With so many plant fertilizers on the market, it can be difficult to identify which ones are good for your vegetables, flowers, and houseplants. It’s easy to get confused with those three NPK numbers on bags of fertilizer, and it can be even more confusing when you look at the back and see what looks like the ingredients of a vitamin bottle. What do the NPK values mean? Are higher numbers always better?

What Does NPK Stand For?

NPK stands for the chemical symbols of the three main elements plants need to grow: Nitrogen(N), Phosphorus(P), and Potassium(K). These numbers you see on fertilizer packaging refer to the percentage by weight of each element. For example, a 10-5-5 fertilizer will have 10% nitrogen, and 5% each of phosphorus and potassium by weight. Blood meal, the highest source of natural nitrogen, usually has an NPK of around 12-0-0, being 12% nitrogen and having only trace amounts of phosphorus or potassium.

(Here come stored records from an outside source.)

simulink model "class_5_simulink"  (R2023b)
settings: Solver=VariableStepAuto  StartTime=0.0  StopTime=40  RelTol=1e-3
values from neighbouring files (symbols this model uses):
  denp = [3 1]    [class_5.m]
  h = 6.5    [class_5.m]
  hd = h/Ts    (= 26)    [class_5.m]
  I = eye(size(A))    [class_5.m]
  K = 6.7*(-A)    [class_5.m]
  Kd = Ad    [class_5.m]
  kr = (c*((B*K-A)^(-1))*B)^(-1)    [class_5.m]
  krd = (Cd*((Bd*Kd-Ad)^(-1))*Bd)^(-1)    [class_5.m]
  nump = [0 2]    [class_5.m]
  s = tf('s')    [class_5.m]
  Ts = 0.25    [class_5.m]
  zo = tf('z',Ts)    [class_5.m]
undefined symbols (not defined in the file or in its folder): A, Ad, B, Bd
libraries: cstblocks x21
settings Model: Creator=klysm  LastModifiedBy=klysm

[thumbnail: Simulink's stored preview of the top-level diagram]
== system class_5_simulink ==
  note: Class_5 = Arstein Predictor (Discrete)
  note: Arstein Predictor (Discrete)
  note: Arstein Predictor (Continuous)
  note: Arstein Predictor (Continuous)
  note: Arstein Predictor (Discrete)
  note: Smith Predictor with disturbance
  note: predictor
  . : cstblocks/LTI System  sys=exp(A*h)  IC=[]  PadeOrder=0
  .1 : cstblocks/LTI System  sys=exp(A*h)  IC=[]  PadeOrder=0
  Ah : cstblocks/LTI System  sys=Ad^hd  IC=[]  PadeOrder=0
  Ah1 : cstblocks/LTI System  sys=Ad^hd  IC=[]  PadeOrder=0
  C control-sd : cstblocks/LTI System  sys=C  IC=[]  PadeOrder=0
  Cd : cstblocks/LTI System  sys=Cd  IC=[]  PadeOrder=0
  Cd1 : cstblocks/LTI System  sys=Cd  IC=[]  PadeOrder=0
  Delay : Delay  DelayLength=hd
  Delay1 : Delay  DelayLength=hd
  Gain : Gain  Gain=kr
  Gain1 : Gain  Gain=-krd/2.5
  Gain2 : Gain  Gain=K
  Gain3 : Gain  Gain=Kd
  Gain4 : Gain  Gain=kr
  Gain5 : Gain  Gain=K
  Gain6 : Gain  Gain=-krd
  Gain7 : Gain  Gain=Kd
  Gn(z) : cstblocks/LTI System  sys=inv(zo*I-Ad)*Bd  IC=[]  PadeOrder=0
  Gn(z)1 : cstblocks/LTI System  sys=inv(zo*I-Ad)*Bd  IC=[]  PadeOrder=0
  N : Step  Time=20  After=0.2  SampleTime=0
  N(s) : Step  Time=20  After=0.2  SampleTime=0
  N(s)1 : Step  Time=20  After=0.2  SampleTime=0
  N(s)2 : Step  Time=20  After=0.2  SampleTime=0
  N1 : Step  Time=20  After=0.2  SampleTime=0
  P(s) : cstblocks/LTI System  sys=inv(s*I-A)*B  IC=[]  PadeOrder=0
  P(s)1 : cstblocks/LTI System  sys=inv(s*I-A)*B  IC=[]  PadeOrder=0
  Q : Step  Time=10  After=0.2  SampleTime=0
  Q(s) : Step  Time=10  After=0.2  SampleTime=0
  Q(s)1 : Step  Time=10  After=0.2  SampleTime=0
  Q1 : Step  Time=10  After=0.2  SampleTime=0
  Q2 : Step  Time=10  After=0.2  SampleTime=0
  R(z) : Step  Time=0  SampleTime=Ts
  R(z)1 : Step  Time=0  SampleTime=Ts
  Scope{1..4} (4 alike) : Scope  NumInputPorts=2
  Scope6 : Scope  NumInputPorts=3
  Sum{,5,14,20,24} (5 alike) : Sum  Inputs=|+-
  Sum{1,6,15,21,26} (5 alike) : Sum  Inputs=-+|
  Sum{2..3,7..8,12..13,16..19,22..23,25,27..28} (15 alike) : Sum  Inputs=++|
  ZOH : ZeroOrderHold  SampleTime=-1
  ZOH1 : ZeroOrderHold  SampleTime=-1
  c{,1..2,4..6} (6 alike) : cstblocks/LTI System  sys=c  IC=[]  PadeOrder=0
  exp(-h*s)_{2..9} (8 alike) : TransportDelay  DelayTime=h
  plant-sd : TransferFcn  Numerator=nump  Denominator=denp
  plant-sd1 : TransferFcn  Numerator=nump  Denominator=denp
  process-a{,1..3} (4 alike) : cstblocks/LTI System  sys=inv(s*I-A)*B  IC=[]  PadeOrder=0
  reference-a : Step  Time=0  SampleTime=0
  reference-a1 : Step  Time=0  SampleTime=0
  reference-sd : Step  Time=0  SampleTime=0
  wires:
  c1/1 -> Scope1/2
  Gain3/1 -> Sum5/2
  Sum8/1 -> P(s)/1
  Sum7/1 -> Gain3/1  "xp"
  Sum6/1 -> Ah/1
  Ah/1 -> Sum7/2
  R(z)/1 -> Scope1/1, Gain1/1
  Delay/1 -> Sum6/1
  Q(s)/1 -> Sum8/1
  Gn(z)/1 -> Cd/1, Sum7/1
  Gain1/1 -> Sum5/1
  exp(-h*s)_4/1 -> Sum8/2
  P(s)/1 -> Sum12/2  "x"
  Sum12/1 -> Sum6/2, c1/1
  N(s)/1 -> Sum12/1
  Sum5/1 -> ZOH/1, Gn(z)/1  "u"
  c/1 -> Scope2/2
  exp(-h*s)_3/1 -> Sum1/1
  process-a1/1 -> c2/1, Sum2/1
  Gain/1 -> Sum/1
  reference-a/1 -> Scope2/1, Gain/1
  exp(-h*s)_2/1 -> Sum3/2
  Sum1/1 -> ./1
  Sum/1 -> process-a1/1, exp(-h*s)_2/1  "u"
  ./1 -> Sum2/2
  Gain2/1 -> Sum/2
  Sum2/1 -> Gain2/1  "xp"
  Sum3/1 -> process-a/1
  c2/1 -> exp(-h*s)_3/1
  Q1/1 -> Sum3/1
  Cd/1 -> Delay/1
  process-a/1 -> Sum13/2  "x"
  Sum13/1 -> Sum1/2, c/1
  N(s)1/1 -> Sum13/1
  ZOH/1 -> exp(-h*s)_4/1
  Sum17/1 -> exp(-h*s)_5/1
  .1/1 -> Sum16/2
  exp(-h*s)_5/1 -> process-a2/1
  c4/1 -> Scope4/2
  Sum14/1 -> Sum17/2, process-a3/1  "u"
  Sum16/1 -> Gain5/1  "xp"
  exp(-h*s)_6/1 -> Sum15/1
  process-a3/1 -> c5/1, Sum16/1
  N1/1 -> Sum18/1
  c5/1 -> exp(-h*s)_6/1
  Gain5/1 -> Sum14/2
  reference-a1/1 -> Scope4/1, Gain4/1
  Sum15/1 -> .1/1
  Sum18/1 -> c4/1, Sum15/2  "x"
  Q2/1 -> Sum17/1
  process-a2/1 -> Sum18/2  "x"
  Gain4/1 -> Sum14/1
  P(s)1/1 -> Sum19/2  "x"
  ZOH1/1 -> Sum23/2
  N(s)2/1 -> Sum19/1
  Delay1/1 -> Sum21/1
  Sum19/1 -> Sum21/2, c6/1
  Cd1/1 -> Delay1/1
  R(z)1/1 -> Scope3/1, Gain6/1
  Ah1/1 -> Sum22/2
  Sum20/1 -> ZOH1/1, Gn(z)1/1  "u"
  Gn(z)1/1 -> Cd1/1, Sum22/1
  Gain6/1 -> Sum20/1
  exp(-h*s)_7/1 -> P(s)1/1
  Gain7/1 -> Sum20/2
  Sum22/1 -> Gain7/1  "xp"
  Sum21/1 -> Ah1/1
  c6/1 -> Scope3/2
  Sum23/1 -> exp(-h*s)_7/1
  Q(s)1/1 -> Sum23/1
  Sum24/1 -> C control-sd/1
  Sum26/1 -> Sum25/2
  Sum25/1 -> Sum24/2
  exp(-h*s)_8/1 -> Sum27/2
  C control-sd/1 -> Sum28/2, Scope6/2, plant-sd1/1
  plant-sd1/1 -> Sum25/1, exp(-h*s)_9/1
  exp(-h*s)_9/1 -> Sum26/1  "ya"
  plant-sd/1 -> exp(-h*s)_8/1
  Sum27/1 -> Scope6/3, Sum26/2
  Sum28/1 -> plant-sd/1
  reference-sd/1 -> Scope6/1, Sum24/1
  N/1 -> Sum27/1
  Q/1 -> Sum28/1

Plants that don’t get enough of these nutrients will suffer severe nutrient deficiencies. Plants also need other nutrients in smaller amounts, which will be discussed later on.

 

Main Plant Nutrients

Nitrogen (N)

Nitrogen is an essential element of life, including plants. Nitrogen is an essential component of amino acids, which form the building blocks of proteins. It also forms the core component of chlorophyll which absorbs energy from the sun in photosynthesis.

Nitrogen is all around us in the atmosphere as a gas (N2), but plants can’t absorb nitrogen this way. Instead, nitrogen has to be in the form of nitrate (NO3). Normally, different bacteria in the soil will go through the process of assimilating nitrogen gas, then converting it into nitrate that plants can absorb, which is part of the overall nitrogen cycle.[1]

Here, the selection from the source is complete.